LaSalle Hotel Properties is a leading multi-operator real estate
investment trust. The Company owns 40 hotels and a mezzanine loan
secured by two hotels in Santa Monica, CA. The properties are
upscale full-service hotels, totaling over 10,600 guest rooms in 13
markets in nine states and the District of Columbia. The Company
focuses on owning, redeveloping and repositioning upscale and
luxury, full-service hotels located in convention, resort and major
urban business markets. LaSalle Hotel Properties seeks to grow
through strategic relationships with premier lodging companies,
including Westin Hotels and Resorts, Hilton Hotels Corporation,
Outrigger Lodging Services, Noble House Hotels & Resorts, Hyatt
Hotels Corporation, Benchmark Hospitality, White Lodging Services
Corporation, Thompson Hotels, Davidson Hotel Company, Denihan
Hospitality Group, the Kimpton Hotel & Restaurant Group, LLC,
Accor, Destination Hotels & Resorts, HEI Hotels & Resorts,
JRK Hotel Group, Inc., Viceroy Hotel Group, Highgate Hotels and
Access Hotels & Resorts.
This press release, together with other statements and
information publicly disseminated by the Company, contains certain
forward-looking statements within the meaning of Section 27A of the
Securities Act of 1933, as amended, and Section 21E of the
Securities Exchange Act of 1934, as amended. The Company intends
such forward-looking statements to be covered by the safe harbor
provisions for forward-looking statements contained in the Private
Securities Litigation Reform Act of 1995 and includes this
statement for purposes of complying with these safe harbor
provisions. Forward-looking statements, which are based on certain
assumptions and describe the Company's future plans, strategies and
expectations, are generally identifiable by use of the words
“will,” "believe," "expect," "intend," "anticipate," "estimate,"

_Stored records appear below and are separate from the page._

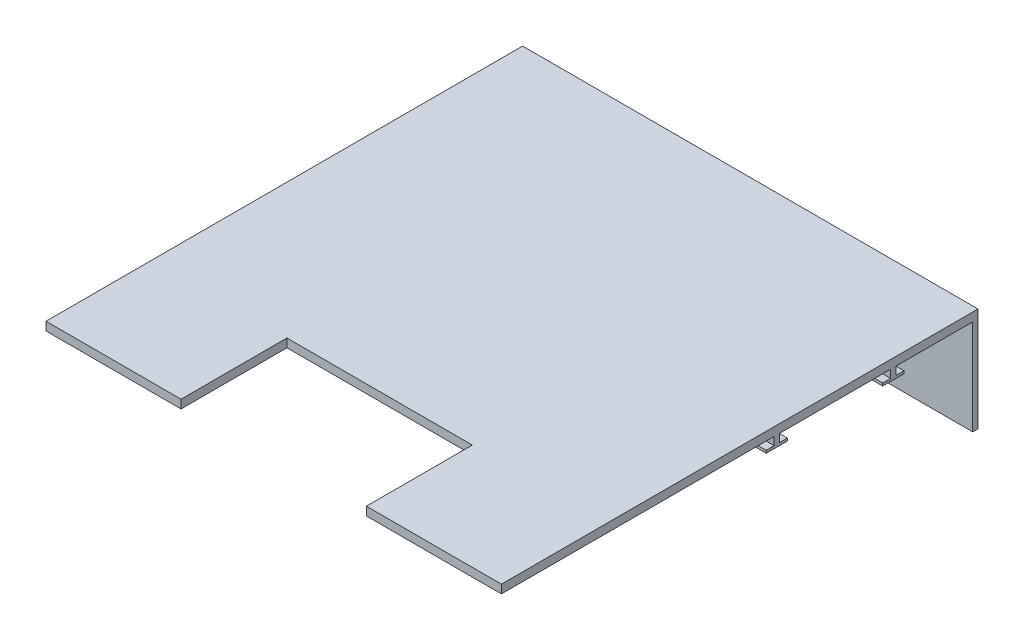
ISO-10303-21;
HEADER;
FILE_DESCRIPTION(('STEP AP214'),'2;1');
FILE_NAME('part.step','',(''),(''),'','','');
FILE_SCHEMA(('AUTOMOTIVE_DESIGN { 1 0 10303 214 1 1 1 1 }'));
ENDSEC;
DATA;
#1=APPLICATION_CONTEXT('core data for automotive mechanical design processes');
#2=APPLICATION_PROTOCOL_DEFINITION('international standard','automotive_design',2000,#1);
#3=PRODUCT_CONTEXT('',#1,'mechanical');
#4=PRODUCT('Part','Part','',(#3));
#5=PRODUCT_RELATED_PRODUCT_CATEGORY('part','',(#4));
#6=PRODUCT_DEFINITION_FORMATION('','',#4);
#7=PRODUCT_DEFINITION_CONTEXT('part definition',#1,'design');
#8=PRODUCT_DEFINITION('design','',#6,#7);
#9=PRODUCT_DEFINITION_SHAPE('','',#8);
#10=(LENGTH_UNIT() NAMED_UNIT(*) SI_UNIT(.MILLI.,.METRE.));
#11=(NAMED_UNIT(*) PLANE_ANGLE_UNIT() SI_UNIT($,.RADIAN.));
#12=(NAMED_UNIT(*) SI_UNIT($,.STERADIAN.) SOLID_ANGLE_UNIT());
#13=UNCERTAINTY_MEASURE_WITH_UNIT(LENGTH_MEASURE(1.E-05),#10,'distance_accuracy_value','');
#14=(GEOMETRIC_REPRESENTATION_CONTEXT(3) GLOBAL_UNCERTAINTY_ASSIGNED_CONTEXT((#13)) GLOBAL_UNIT_ASSIGNED_CONTEXT((#10,
#11,#12)) REPRESENTATION_CONTEXT('',''));
#15=CARTESIAN_POINT('',(0.,0.,0.));
#16=DIRECTION('',(0.,0.,1.));
#17=DIRECTION('',(1.,0.,0.));
#18=AXIS2_PLACEMENT_3D('',#15,#16,#17);
#19=CARTESIAN_POINT('',(0.,0.,0.));
#20=DIRECTION('',(0.,-1.,0.));
#21=DIRECTION('',(0.,0.,-1.));
#22=AXIS2_PLACEMENT_3D('',#19,#20,#21);
#23=PLANE('',#22);
#24=DIRECTION('',(-1.,0.,0.));
#25=VECTOR('',#24,1.);
#26=CARTESIAN_POINT('',(0.,0.,-262.5));
#27=LINE('',#26,#25);
#28=CARTESIAN_POINT('',(430.,0.,-262.5));
#29=VERTEX_POINT('',#28);
#30=CARTESIAN_POINT('',(0.,0.,-262.5));
#31=VERTEX_POINT('',#30);
#32=EDGE_CURVE('E50',#29,#31,#27,.T.);
#33=ORIENTED_EDGE('',*,*,#32,.T.);
#34=DIRECTION('',(0.,0.,1.));
#35=VECTOR('',#34,1.);
#36=CARTESIAN_POINT('',(0.,0.,0.));
#37=LINE('',#36,#35);
#38=CARTESIAN_POINT('',(0.,0.,-367.5));
#39=VERTEX_POINT('',#38);
#40=EDGE_CURVE('E388',#39,#31,#37,.T.);
#41=ORIENTED_EDGE('',*,*,#40,.F.);
#42=DIRECTION('',(-1.,0.,0.));
#43=VECTOR('',#42,1.);
#44=CARTESIAN_POINT('',(0.,0.,-367.5));
#45=LINE('',#44,#43);
#46=CARTESIAN_POINT('',(430.,0.,-367.5));
#47=VERTEX_POINT('',#46);
#48=EDGE_CURVE('E308',#47,#39,#45,.T.);
#49=ORIENTED_EDGE('',*,*,#48,.F.);
#50=DIRECTION('',(0.,0.,-1.));
#51=VECTOR('',#50,1.);
#52=CARTESIAN_POINT('',(430.,0.,0.));
#53=LINE('',#52,#51);
#54=EDGE_CURVE('E394',#29,#47,#53,.T.);
#55=ORIENTED_EDGE('',*,*,#54,.F.);
#56=EDGE_LOOP('',(#33,#41,#49,#55));
#57=FACE_BOUND('',#56,.T.);
#58=ADVANCED_FACE('F35',(#57),#23,.T.);
#59=CARTESIAN_POINT('',(430.,0.,-372.5));
#60=VERTEX_POINT('',#59);
#61=CARTESIAN_POINT('',(430.,0.,-445.));
#62=VERTEX_POINT('',#61);
#63=EDGE_CURVE('E392',#60,#62,#53,.T.);
#64=ORIENTED_EDGE('',*,*,#63,.F.);
#65=DIRECTION('',(1.,0.,0.));
#66=VECTOR('',#65,1.);
#67=CARTESIAN_POINT('',(0.,0.,-372.5));
#68=LINE('',#67,#66);
#69=CARTESIAN_POINT('',(0.,0.,-372.5));
#70=VERTEX_POINT('',#69);
#71=EDGE_CURVE('E303',#70,#60,#68,.T.);
#72=ORIENTED_EDGE('',*,*,#71,.F.);
#73=CARTESIAN_POINT('',(0.,0.,-445.));
#74=VERTEX_POINT('',#73);
#75=EDGE_CURVE('E384',#74,#70,#37,.T.);
#76=ORIENTED_EDGE('',*,*,#75,.F.);
#77=DIRECTION('',(-1.,0.,0.));
#78=VECTOR('',#77,1.);
#79=CARTESIAN_POINT('',(5.00062614380899,0.,-445.));
#80=LINE('',#79,#78);
#81=EDGE_CURVE('E322',#62,#74,#80,.T.);
#82=ORIENTED_EDGE('',*,*,#81,.F.);
#83=EDGE_LOOP('',(#64,#72,#76,#82));
#84=FACE_BOUND('',#83,.T.);
#85=ADVANCED_FACE('F457',(#84),#23,.T.);
#86=DIRECTION('',(1.,0.,0.));
#87=VECTOR('',#86,1.);
#88=CARTESIAN_POINT('',(0.,0.,-257.5));
#89=LINE('',#88,#87);
#90=CARTESIAN_POINT('',(0.,0.,-257.5));
#91=VERTEX_POINT('',#90);
#92=CARTESIAN_POINT('',(430.,0.,-257.5));
#93=VERTEX_POINT('',#92);
#94=EDGE_CURVE('E257',#91,#93,#89,.T.);
#95=ORIENTED_EDGE('',*,*,#94,.T.);
#96=CARTESIAN_POINT('',(430.,0.,0.));
#97=VERTEX_POINT('',#96);
#98=EDGE_CURVE('E375',#97,#93,#53,.T.);
#99=ORIENTED_EDGE('',*,*,#98,.F.);
#100=DIRECTION('',(1.,0.,0.));
#101=VECTOR('',#100,1.);
#102=CARTESIAN_POINT('',(0.,0.,0.));
#103=LINE('',#102,#101);
#104=CARTESIAN_POINT('',(302.5,0.,0.));
#105=VERTEX_POINT('',#104);
#106=EDGE_CURVE('E387',#105,#97,#103,.T.);
#107=ORIENTED_EDGE('',*,*,#106,.F.);
#108=DIRECTION('',(0.,0.,1.));
#109=VECTOR('',#108,1.);
#110=CARTESIAN_POINT('',(302.5,0.,0.));
#111=LINE('',#110,#109);
#112=CARTESIAN_POINT('',(302.5,0.,-100.));
#113=VERTEX_POINT('',#112);
#114=EDGE_CURVE('E404',#113,#105,#111,.T.);
#115=ORIENTED_EDGE('',*,*,#114,.F.);
#116=DIRECTION('',(1.,0.,0.));
#117=VECTOR('',#116,1.);
#118=CARTESIAN_POINT('',(0.,0.,-100.));
#119=LINE('',#118,#117);
#120=CARTESIAN_POINT('',(127.5,0.,-100.));
#121=VERTEX_POINT('',#120);
#122=EDGE_CURVE('E43',#121,#113,#119,.T.);
#123=ORIENTED_EDGE('',*,*,#122,.F.);
#124=DIRECTION('',(0.,0.,-1.));
#125=VECTOR('',#124,1.);
#126=CARTESIAN_POINT('',(127.5,0.,0.));
#127=LINE('',#126,#125);
#128=CARTESIAN_POINT('',(127.5,0.,0.));
#129=VERTEX_POINT('',#128);
#130=EDGE_CURVE('E11',#129,#121,#127,.T.);
#131=ORIENTED_EDGE('',*,*,#130,.F.);
#132=CARTESIAN_POINT('',(0.,0.,0.));
#133=VERTEX_POINT('',#132);
#134=EDGE_CURVE('E389',#133,#129,#103,.T.);
#135=ORIENTED_EDGE('',*,*,#134,.F.);
#136=EDGE_CURVE('E364',#91,#133,#37,.T.);
#137=ORIENTED_EDGE('',*,*,#136,.F.);
#138=EDGE_LOOP('',(#95,#99,#107,#115,#123,#131,#135,#137));
#139=FACE_BOUND('',#138,.T.);
#140=CARTESIAN_POINT('',(400.,0.,-217.));
#141=DIRECTION('',(0.,-1.,0.));
#142=DIRECTION('',(0.,0.,1.));
#143=AXIS2_PLACEMENT_3D('',#140,#141,#142);
#144=CIRCLE('',#143,3.49999999999996);
#145=CARTESIAN_POINT('',(400.,0.,-213.5));
#146=VERTEX_POINT('',#145);
#147=EDGE_CURVE('E341',#146,#146,#144,.T.);
#148=ORIENTED_EDGE('',*,*,#147,.F.);
#149=EDGE_LOOP('',(#148));
#150=FACE_BOUND('',#149,.T.);
#151=CARTESIAN_POINT('',(30.,0.,-217.));
#152=DIRECTION('',(0.,-1.,0.));
#153=DIRECTION('',(0.,0.,-1.));
#154=AXIS2_PLACEMENT_3D('',#151,#152,#153);
#155=CIRCLE('',#154,3.5);
#156=CARTESIAN_POINT('',(30.,0.,-220.5));
#157=VERTEX_POINT('',#156);
#158=EDGE_CURVE('E345',#157,#157,#155,.T.);
#159=ORIENTED_EDGE('',*,*,#158,.F.);
#160=EDGE_LOOP('',(#159));
#161=FACE_BOUND('',#160,.T.);
#162=ADVANCED_FACE('F414',(#139,#150,#161),#23,.T.);
#163=CARTESIAN_POINT('',(0.,8.,0.));
#164=DIRECTION('',(0.,0.,-1.));
#165=DIRECTION('',(-1.,0.,0.));
#166=AXIS2_PLACEMENT_3D('',#163,#164,#165);
#167=PLANE('',#166);
#168=ORIENTED_EDGE('',*,*,#134,.T.);
#169=DIRECTION('',(0.,1.,0.));
#170=VECTOR('',#169,1.);
#171=CARTESIAN_POINT('',(127.5,-2.,0.));
#172=LINE('',#171,#170);
#173=CARTESIAN_POINT('',(127.5,8.,0.));
#174=VERTEX_POINT('',#173);
#175=EDGE_CURVE('E361',#129,#174,#172,.T.);
#176=ORIENTED_EDGE('',*,*,#175,.T.);
#177=DIRECTION('',(1.,0.,0.));
#178=VECTOR('',#177,1.);
#179=CARTESIAN_POINT('',(0.,8.,0.));
#180=LINE('',#179,#178);
#181=CARTESIAN_POINT('',(0.,8.,0.));
#182=VERTEX_POINT('',#181);
#183=EDGE_CURVE('E376',#182,#174,#180,.T.);
#184=ORIENTED_EDGE('',*,*,#183,.F.);
#185=DIRECTION('',(0.,-1.,0.));
#186=VECTOR('',#185,1.);
#187=CARTESIAN_POINT('',(0.,8.,0.));
#188=LINE('',#187,#186);
#189=EDGE_CURVE('E401',#182,#133,#188,.T.);
#190=ORIENTED_EDGE('',*,*,#189,.T.);
#191=EDGE_LOOP('',(#168,#176,#184,#190));
#192=FACE_BOUND('',#191,.T.);
#193=ADVANCED_FACE('F434',(#192),#167,.F.);
#194=CARTESIAN_POINT('',(0.,8.,0.));
#195=DIRECTION('',(1.,0.,0.));
#196=DIRECTION('',(0.,0.,-1.));
#197=AXIS2_PLACEMENT_3D('',#194,#195,#196);
#198=PLANE('',#197);
#199=DIRECTION('',(0.,-1.,0.));
#200=VECTOR('',#199,1.);
#201=CARTESIAN_POINT('',(0.,8.,-450.));
#202=LINE('',#201,#200);
#203=CARTESIAN_POINT('',(0.,8.,-450.));
#204=VERTEX_POINT('',#203);
#205=CARTESIAN_POINT('',(0.,-90.,-450.));
#206=VERTEX_POINT('',#205);
#207=EDGE_CURVE('E383',#204,#206,#202,.T.);
#208=ORIENTED_EDGE('',*,*,#207,.T.);
#209=DIRECTION('',(0.,0.,-1.));
#210=VECTOR('',#209,1.);
#211=CARTESIAN_POINT('',(0.,-90.,-445.));
#212=LINE('',#211,#210);
#213=CARTESIAN_POINT('',(0.,-90.,-445.));
#214=VERTEX_POINT('',#213);
#215=EDGE_CURVE('E328',#214,#206,#212,.T.);
#216=ORIENTED_EDGE('',*,*,#215,.F.);
#217=DIRECTION('',(0.,1.,0.));
#218=VECTOR('',#217,1.);
#219=CARTESIAN_POINT('',(0.,-90.,-445.));
#220=LINE('',#219,#218);
#221=EDGE_CURVE('E334',#214,#74,#220,.T.);
#222=ORIENTED_EDGE('',*,*,#221,.T.);
#223=ORIENTED_EDGE('',*,*,#75,.T.);
#224=DIRECTION('',(0.,1.,0.));
#225=VECTOR('',#224,1.);
#226=CARTESIAN_POINT('',(0.,-7.5,-372.5));
#227=LINE('',#226,#225);
#228=CARTESIAN_POINT('',(0.,-7.5,-372.5));
#229=VERTEX_POINT('',#228);
#230=EDGE_CURVE('E320',#229,#70,#227,.T.);
#231=ORIENTED_EDGE('',*,*,#230,.F.);
#232=DIRECTION('',(0.,0.,-1.));
#233=VECTOR('',#232,1.);
#234=CARTESIAN_POINT('',(0.,-7.5,-360.));
#235=LINE('',#234,#233);
#236=CARTESIAN_POINT('',(0.,-7.5,-380.));
#237=VERTEX_POINT('',#236);
#238=EDGE_CURVE('E287',#229,#237,#235,.T.);
#239=ORIENTED_EDGE('',*,*,#238,.T.);
#240=DIRECTION('',(0.,1.,0.));
#241=VECTOR('',#240,1.);
#242=CARTESIAN_POINT('',(0.,-10.,-380.));
#243=LINE('',#242,#241);
#244=CARTESIAN_POINT('',(0.,-10.,-380.));
#245=VERTEX_POINT('',#244);
#246=EDGE_CURVE('E294',#245,#237,#243,.T.);
#247=ORIENTED_EDGE('',*,*,#246,.F.);
#248=DIRECTION('',(0.,0.,-1.));
#249=VECTOR('',#248,1.);
#250=CARTESIAN_POINT('',(0.,-10.,-360.));
#251=LINE('',#250,#249);
#252=CARTESIAN_POINT('',(0.,-10.,-360.));
#253=VERTEX_POINT('',#252);
#254=EDGE_CURVE('E278',#253,#245,#251,.T.);
#255=ORIENTED_EDGE('',*,*,#254,.F.);
#256=DIRECTION('',(0.,1.,0.));
#257=VECTOR('',#256,1.);
#258=CARTESIAN_POINT('',(0.,-10.,-360.));
#259=LINE('',#258,#257);
#260=CARTESIAN_POINT('',(0.,-7.5,-360.));
#261=VERTEX_POINT('',#260);
#262=EDGE_CURVE('E297',#253,#261,#259,.T.);
#263=ORIENTED_EDGE('',*,*,#262,.T.);
#264=CARTESIAN_POINT('',(0.,-7.5,-367.5));
#265=VERTEX_POINT('',#264);
#266=EDGE_CURVE('E288',#261,#265,#235,.T.);
#267=ORIENTED_EDGE('',*,*,#266,.T.);
#268=DIRECTION('',(0.,1.,0.));
#269=VECTOR('',#268,1.);
#270=CARTESIAN_POINT('',(0.,-7.5,-367.5));
#271=LINE('',#270,#269);
#272=EDGE_CURVE('E311',#265,#39,#271,.T.);
#273=ORIENTED_EDGE('',*,*,#272,.T.);
#274=ORIENTED_EDGE('',*,*,#40,.T.);
#275=DIRECTION('',(0.,1.,0.));
#276=VECTOR('',#275,1.);
#277=CARTESIAN_POINT('',(0.,-7.5,-262.5));
#278=LINE('',#277,#276);
#279=CARTESIAN_POINT('',(0.,-7.5,-262.5));
#280=VERTEX_POINT('',#279);
#281=EDGE_CURVE('E269',#280,#31,#278,.T.);
#282=ORIENTED_EDGE('',*,*,#281,.F.);
#283=DIRECTION('',(0.,0.,1.));
#284=VECTOR('',#283,1.);
#285=CARTESIAN_POINT('',(0.,-7.5,-270.));
#286=LINE('',#285,#284);
#287=CARTESIAN_POINT('',(0.,-7.5,-270.));
#288=VERTEX_POINT('',#287);
#289=EDGE_CURVE('E245',#288,#280,#286,.T.);
#290=ORIENTED_EDGE('',*,*,#289,.F.);
#291=DIRECTION('',(0.,1.,0.));
#292=VECTOR('',#291,1.);
#293=CARTESIAN_POINT('',(0.,-10.,-270.));
#294=LINE('',#293,#292);
#295=CARTESIAN_POINT('',(0.,-10.,-270.));
#296=VERTEX_POINT('',#295);
#297=EDGE_CURVE('E250',#296,#288,#294,.T.);
#298=ORIENTED_EDGE('',*,*,#297,.F.);
#299=DIRECTION('',(0.,0.,1.));
#300=VECTOR('',#299,1.);
#301=CARTESIAN_POINT('',(0.,-10.,-270.));
#302=LINE('',#301,#300);
#303=CARTESIAN_POINT('',(0.,-10.,-250.));
#304=VERTEX_POINT('',#303);
#305=EDGE_CURVE('E234',#296,#304,#302,.T.);
#306=ORIENTED_EDGE('',*,*,#305,.T.);
#307=DIRECTION('',(0.,1.,0.));
#308=VECTOR('',#307,1.);
#309=CARTESIAN_POINT('',(0.,-10.,-250.));
#310=LINE('',#309,#308);
#311=CARTESIAN_POINT('',(0.,-7.5,-250.));
#312=VERTEX_POINT('',#311);
#313=EDGE_CURVE('E220',#304,#312,#310,.T.);
#314=ORIENTED_EDGE('',*,*,#313,.T.);
#315=CARTESIAN_POINT('',(0.,-7.5,-257.5));
#316=VERTEX_POINT('',#315);
#317=EDGE_CURVE('E244',#316,#312,#286,.T.);
#318=ORIENTED_EDGE('',*,*,#317,.F.);
#319=DIRECTION('',(0.,1.,0.));
#320=VECTOR('',#319,1.);
#321=CARTESIAN_POINT('',(0.,-7.5,-257.5));
#322=LINE('',#321,#320);
#323=EDGE_CURVE('E260',#316,#91,#322,.T.);
#324=ORIENTED_EDGE('',*,*,#323,.T.);
#325=ORIENTED_EDGE('',*,*,#136,.T.);
#326=ORIENTED_EDGE('',*,*,#189,.F.);
#327=DIRECTION('',(0.,0.,1.));
#328=VECTOR('',#327,1.);
#329=CARTESIAN_POINT('',(0.,8.,0.));
#330=LINE('',#329,#328);
#331=EDGE_CURVE('E371',#204,#182,#330,.T.);
#332=ORIENTED_EDGE('',*,*,#331,.F.);
#333=EDGE_LOOP('',(#208,#216,#222,#223,#231,#239,#247,#255,#263,#267,#273,#274,#282,#290,#298,
#306,#314,#318,#324,#325,#326,#332));
#334=FACE_BOUND('',#333,.T.);
#335=ADVANCED_FACE('F37',(#334),#198,.F.);
#336=CARTESIAN_POINT('',(302.5,8.,0.));
#337=VERTEX_POINT('',#336);
#338=CARTESIAN_POINT('',(430.,8.,0.));
#339=VERTEX_POINT('',#338);
#340=EDGE_CURVE('E374',#337,#339,#180,.T.);
#341=ORIENTED_EDGE('',*,*,#340,.F.);
#342=DIRECTION('',(0.,1.,0.));
#343=VECTOR('',#342,1.);
#344=CARTESIAN_POINT('',(302.5,-2.,0.));
#345=LINE('',#344,#343);
#346=EDGE_CURVE('E367',#105,#337,#345,.T.);
#347=ORIENTED_EDGE('',*,*,#346,.F.);
#348=ORIENTED_EDGE('',*,*,#106,.T.);
#349=DIRECTION('',(0.,-1.,0.));
#350=VECTOR('',#349,1.);
#351=CARTESIAN_POINT('',(430.,8.,0.));
#352=LINE('',#351,#350);
#353=EDGE_CURVE('E398',#339,#97,#352,.T.);
#354=ORIENTED_EDGE('',*,*,#353,.F.);
#355=EDGE_LOOP('',(#341,#347,#348,#354));
#356=FACE_BOUND('',#355,.T.);
#357=ADVANCED_FACE('F423',(#356),#167,.F.);
#358=CARTESIAN_POINT('',(430.,8.,0.));
#359=DIRECTION('',(-1.,0.,0.));
#360=DIRECTION('',(0.,0.,1.));
#361=AXIS2_PLACEMENT_3D('',#358,#359,#360);
#362=PLANE('',#361);
#363=ORIENTED_EDGE('',*,*,#98,.T.);
#364=DIRECTION('',(0.,1.,0.));
#365=VECTOR('',#364,1.);
#366=CARTESIAN_POINT('',(430.,-7.5,-257.5));
#367=LINE('',#366,#365);
#368=CARTESIAN_POINT('',(430.,-7.5,-257.5));
#369=VERTEX_POINT('',#368);
#370=EDGE_CURVE('E265',#369,#93,#367,.T.);
#371=ORIENTED_EDGE('',*,*,#370,.F.);
#372=DIRECTION('',(0.,0.,-1.));
#373=VECTOR('',#372,1.);
#374=CARTESIAN_POINT('',(430.,-7.5,-270.));
#375=LINE('',#374,#373);
#376=CARTESIAN_POINT('',(430.,-7.5,-250.));
#377=VERTEX_POINT('',#376);
#378=EDGE_CURVE('E215',#377,#369,#375,.T.);
#379=ORIENTED_EDGE('',*,*,#378,.F.);
#380=DIRECTION('',(0.,1.,0.));
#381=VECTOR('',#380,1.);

"project" or similar expressions. Forward-looking statements in
this press release include, among others, statements about the use
of proceeds from the offering. You should not rely on
forward-looking statements since they involve known and unknown
risks, uncertainties and other factors that are, in some cases,
beyond the Company's control and which could materially affect
actual results, performances or achievements. Factors that may
cause actual results to differ materially from current expectations
include, but are not limited to, (i) the Company’s dependence on
third-party managers of its hotels, including its inability to
implement strategic business decisions directly, (ii) risks
associated with the hotel industry, including competition,
increases in wages, energy costs and other operating costs, actual
or threatened terrorist attacks, downturns in general and local
economic conditions and cancellation of or delays in the completion
of anticipated demand generators, (iii) the availability and terms
of financing and capital and the general volatility of securities
markets, (iv) risks associated with the real estate industry,
including environmental contamination and costs of complying with
the Americans with Disabilities Act and similar laws, (v) interest
rate increases, (vi) the possible failure of the Company to qualify
as a REIT and the risk of changes in laws affecting REITs, (vii)
the possibility of uninsured losses, (viii) risks associated with
redevelopment and repositioning projects, including delays and cost
overruns and (ix) the risk factors discussed in the Company’s
Annual Report on Form 10-K. Accordingly, there is no assurance that
the Company's expectations will be realized. Except as otherwise
required by the federal securities laws, the Company disclaims any
obligation or undertaking to publicly release any updates or
revisions to any forward-looking statement contained herein (or
elsewhere) to reflect any change in the Company’s expectations with
regard thereto or any change in events, conditions or circumstances
on which any such statement is based.